▶ [PROBLEM DETAILS]
Look through the data below and extract, unchanged, the lines from the one that contains "#195=CARTESIAN_POINT('',(210.,0.,0.));" to the one that contains "#212=SHAPE_DEFINITION_REPRESENTATION(#9,#211);", both included.

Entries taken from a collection
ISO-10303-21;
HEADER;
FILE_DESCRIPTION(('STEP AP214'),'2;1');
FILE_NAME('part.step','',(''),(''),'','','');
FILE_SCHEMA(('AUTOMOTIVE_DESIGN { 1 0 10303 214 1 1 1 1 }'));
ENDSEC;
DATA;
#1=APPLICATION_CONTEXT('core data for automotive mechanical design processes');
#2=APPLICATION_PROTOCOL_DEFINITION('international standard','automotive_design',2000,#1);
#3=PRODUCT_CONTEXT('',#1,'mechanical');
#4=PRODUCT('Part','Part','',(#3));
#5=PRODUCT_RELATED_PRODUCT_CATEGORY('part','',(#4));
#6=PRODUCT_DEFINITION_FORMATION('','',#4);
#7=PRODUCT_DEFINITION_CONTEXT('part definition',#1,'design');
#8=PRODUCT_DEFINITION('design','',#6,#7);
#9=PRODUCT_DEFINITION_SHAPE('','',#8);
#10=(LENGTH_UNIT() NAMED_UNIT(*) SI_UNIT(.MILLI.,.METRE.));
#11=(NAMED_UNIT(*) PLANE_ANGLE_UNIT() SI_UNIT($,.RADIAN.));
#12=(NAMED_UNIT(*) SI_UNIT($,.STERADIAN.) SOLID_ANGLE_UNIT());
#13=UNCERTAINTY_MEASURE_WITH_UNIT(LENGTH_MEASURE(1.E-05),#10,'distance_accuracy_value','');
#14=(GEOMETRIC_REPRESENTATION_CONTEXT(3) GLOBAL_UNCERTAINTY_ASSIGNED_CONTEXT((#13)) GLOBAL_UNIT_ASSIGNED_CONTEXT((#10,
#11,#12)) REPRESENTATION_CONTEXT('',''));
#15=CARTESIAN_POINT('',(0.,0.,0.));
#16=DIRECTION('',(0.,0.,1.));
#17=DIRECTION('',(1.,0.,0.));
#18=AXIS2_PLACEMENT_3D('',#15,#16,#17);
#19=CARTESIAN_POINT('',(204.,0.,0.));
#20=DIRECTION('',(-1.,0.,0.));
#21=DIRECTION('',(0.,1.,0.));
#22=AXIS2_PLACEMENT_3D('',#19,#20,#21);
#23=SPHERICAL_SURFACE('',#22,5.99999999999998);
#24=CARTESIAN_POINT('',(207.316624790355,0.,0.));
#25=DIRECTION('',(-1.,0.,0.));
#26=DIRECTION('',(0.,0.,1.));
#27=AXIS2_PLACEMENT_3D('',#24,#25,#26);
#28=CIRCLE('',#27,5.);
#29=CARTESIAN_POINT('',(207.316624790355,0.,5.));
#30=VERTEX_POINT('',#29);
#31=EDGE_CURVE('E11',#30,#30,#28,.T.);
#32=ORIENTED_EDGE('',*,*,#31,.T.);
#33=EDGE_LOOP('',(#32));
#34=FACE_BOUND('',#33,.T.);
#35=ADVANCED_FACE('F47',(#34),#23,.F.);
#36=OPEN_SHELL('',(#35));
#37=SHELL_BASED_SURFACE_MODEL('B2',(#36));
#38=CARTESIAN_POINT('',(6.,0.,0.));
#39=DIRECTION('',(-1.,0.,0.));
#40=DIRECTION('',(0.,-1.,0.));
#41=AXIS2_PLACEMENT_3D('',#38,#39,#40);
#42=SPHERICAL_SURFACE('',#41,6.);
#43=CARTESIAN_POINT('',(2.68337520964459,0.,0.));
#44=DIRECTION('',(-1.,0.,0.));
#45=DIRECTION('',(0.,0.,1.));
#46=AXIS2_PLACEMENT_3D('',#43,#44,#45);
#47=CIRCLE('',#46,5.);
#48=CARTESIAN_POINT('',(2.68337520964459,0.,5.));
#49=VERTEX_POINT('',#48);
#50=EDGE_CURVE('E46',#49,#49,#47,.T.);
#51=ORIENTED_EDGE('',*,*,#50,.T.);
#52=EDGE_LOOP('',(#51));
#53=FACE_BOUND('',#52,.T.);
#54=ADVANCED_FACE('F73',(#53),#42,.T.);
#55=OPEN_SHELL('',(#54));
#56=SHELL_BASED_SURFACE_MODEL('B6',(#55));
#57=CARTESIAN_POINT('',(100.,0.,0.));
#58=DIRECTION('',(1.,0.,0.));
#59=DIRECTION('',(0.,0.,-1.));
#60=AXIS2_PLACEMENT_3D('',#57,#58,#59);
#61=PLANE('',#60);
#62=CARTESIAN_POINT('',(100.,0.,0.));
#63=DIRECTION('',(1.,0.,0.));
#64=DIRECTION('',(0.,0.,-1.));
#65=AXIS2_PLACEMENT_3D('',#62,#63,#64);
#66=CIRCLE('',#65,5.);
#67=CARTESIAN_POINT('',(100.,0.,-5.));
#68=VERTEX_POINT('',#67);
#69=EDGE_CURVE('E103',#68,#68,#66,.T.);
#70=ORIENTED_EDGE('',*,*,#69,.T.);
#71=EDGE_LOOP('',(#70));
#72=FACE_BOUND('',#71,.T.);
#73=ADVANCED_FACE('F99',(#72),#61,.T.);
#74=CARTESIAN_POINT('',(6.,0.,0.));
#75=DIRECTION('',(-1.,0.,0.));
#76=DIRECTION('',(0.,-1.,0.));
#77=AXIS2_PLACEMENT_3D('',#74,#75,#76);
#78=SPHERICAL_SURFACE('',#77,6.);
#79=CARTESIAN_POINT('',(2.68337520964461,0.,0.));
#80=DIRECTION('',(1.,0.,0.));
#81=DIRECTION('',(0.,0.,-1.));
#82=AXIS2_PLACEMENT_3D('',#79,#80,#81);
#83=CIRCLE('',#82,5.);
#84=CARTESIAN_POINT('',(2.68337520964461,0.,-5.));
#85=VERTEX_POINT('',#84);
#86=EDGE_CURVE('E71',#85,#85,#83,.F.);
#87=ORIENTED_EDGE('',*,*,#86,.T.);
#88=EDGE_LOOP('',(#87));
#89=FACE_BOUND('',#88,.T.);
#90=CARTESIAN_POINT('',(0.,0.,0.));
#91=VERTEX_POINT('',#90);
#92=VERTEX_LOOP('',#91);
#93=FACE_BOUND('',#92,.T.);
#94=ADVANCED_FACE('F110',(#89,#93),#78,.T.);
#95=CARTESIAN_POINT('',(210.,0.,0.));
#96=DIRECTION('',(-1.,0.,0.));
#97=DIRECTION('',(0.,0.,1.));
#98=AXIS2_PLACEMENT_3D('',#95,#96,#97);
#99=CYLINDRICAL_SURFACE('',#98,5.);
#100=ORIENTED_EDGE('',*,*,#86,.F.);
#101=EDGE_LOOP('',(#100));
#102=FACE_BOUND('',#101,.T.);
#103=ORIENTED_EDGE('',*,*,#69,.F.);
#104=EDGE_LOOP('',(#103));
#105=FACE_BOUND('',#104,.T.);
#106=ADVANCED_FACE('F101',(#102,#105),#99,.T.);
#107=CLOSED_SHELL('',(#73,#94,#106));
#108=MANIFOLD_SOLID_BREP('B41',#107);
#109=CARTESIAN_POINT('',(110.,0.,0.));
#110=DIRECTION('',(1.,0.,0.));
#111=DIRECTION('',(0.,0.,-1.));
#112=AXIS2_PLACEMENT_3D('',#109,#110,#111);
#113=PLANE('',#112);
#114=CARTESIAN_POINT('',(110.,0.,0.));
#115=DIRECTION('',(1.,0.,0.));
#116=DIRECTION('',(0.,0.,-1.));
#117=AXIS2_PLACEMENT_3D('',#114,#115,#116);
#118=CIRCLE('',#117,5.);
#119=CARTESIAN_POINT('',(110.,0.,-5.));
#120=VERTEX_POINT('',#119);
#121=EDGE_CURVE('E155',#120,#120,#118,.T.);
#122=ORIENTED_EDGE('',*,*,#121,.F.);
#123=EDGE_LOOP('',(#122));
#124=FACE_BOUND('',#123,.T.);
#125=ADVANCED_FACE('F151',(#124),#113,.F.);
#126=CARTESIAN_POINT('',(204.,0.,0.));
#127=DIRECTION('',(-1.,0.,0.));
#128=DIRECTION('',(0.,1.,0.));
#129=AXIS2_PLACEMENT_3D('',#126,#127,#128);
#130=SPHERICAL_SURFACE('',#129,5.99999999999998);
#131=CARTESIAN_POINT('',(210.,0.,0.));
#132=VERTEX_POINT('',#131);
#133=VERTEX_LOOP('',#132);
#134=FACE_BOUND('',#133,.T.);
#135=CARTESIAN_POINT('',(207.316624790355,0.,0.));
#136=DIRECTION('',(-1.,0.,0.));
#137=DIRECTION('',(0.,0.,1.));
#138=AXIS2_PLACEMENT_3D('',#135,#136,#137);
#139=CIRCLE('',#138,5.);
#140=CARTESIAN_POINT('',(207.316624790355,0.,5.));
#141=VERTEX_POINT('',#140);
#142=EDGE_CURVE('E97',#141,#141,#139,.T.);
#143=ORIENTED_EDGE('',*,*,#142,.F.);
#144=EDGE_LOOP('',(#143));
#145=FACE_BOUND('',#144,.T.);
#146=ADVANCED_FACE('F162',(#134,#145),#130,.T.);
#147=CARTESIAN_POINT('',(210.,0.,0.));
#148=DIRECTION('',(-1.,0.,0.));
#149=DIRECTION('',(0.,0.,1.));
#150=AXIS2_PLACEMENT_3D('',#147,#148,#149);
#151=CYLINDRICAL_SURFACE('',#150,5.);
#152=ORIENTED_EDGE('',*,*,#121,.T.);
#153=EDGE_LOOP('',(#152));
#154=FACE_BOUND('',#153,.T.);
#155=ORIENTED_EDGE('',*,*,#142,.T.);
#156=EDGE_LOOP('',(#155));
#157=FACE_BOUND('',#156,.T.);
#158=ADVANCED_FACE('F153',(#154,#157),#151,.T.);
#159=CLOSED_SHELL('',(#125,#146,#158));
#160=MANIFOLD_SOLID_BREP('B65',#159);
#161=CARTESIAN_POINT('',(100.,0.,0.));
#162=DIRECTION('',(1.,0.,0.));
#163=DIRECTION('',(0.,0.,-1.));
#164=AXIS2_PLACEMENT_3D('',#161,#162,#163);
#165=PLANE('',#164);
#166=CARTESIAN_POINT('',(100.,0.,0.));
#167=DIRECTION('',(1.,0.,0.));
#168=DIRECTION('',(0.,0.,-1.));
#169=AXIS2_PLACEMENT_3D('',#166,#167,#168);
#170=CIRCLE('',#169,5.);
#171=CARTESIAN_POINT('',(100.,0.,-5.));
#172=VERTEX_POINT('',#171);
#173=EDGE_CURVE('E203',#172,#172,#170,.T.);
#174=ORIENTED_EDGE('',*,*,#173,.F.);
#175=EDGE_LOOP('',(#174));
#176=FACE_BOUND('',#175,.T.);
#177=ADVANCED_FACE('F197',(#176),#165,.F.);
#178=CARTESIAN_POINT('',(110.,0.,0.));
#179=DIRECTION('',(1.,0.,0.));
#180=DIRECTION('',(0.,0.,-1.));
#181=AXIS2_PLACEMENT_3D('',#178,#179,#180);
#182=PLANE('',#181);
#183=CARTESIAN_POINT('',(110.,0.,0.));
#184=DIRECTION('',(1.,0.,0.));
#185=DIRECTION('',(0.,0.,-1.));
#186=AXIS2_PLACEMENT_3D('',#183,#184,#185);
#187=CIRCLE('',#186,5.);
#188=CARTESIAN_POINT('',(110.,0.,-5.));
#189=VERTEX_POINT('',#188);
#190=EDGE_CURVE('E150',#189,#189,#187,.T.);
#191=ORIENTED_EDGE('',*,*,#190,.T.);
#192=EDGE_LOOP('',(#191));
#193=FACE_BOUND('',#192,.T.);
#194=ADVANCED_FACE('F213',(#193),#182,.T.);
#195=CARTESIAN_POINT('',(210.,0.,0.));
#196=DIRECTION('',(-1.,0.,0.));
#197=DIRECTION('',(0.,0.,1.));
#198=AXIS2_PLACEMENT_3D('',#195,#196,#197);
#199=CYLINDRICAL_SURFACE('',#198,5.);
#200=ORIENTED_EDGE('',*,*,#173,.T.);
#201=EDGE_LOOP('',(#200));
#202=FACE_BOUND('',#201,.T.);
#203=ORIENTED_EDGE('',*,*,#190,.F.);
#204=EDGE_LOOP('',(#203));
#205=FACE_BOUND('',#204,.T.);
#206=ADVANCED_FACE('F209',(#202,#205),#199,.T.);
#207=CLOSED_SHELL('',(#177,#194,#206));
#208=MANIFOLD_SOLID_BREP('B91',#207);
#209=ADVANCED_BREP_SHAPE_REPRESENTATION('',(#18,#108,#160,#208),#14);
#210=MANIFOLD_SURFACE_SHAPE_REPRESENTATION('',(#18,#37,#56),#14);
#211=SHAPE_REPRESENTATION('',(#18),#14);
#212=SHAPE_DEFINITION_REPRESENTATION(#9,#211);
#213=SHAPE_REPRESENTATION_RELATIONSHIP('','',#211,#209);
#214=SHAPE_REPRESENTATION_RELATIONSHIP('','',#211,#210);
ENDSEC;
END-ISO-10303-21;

▶ [SOLUTION]
#195=CARTESIAN_POINT('',(210.,0.,0.));
#196=DIRECTION('',(-1.,0.,0.));
#197=DIRECTION('',(0.,0.,1.));
#198=AXIS2_PLACEMENT_3D('',#195,#196,#197);
#199=CYLINDRICAL_SURFACE('',#198,5.);
#200=ORIENTED_EDGE('',*,*,#173,.T.);
#201=EDGE_LOOP('',(#200));
#202=FACE_BOUND('',#201,.T.);
#203=ORIENTED_EDGE('',*,*,#190,.F.);
#204=EDGE_LOOP('',(#203));
#205=FACE_BOUND('',#204,.T.);
#206=ADVANCED_FACE('F209',(#202,#205),#199,.T.);
#207=CLOSED_SHELL('',(#177,#194,#206));
#208=MANIFOLD_SOLID_BREP('B91',#207);
#209=ADVANCED_BREP_SHAPE_REPRESENTATION('',(#18,#108,#160,#208),#14);
#210=MANIFOLD_SURFACE_SHAPE_REPRESENTATION('',(#18,#37,#56),#14);
#211=SHAPE_REPRESENTATION('',(#18),#14);
#212=SHAPE_DEFINITION_REPRESENTATION(#9,#211);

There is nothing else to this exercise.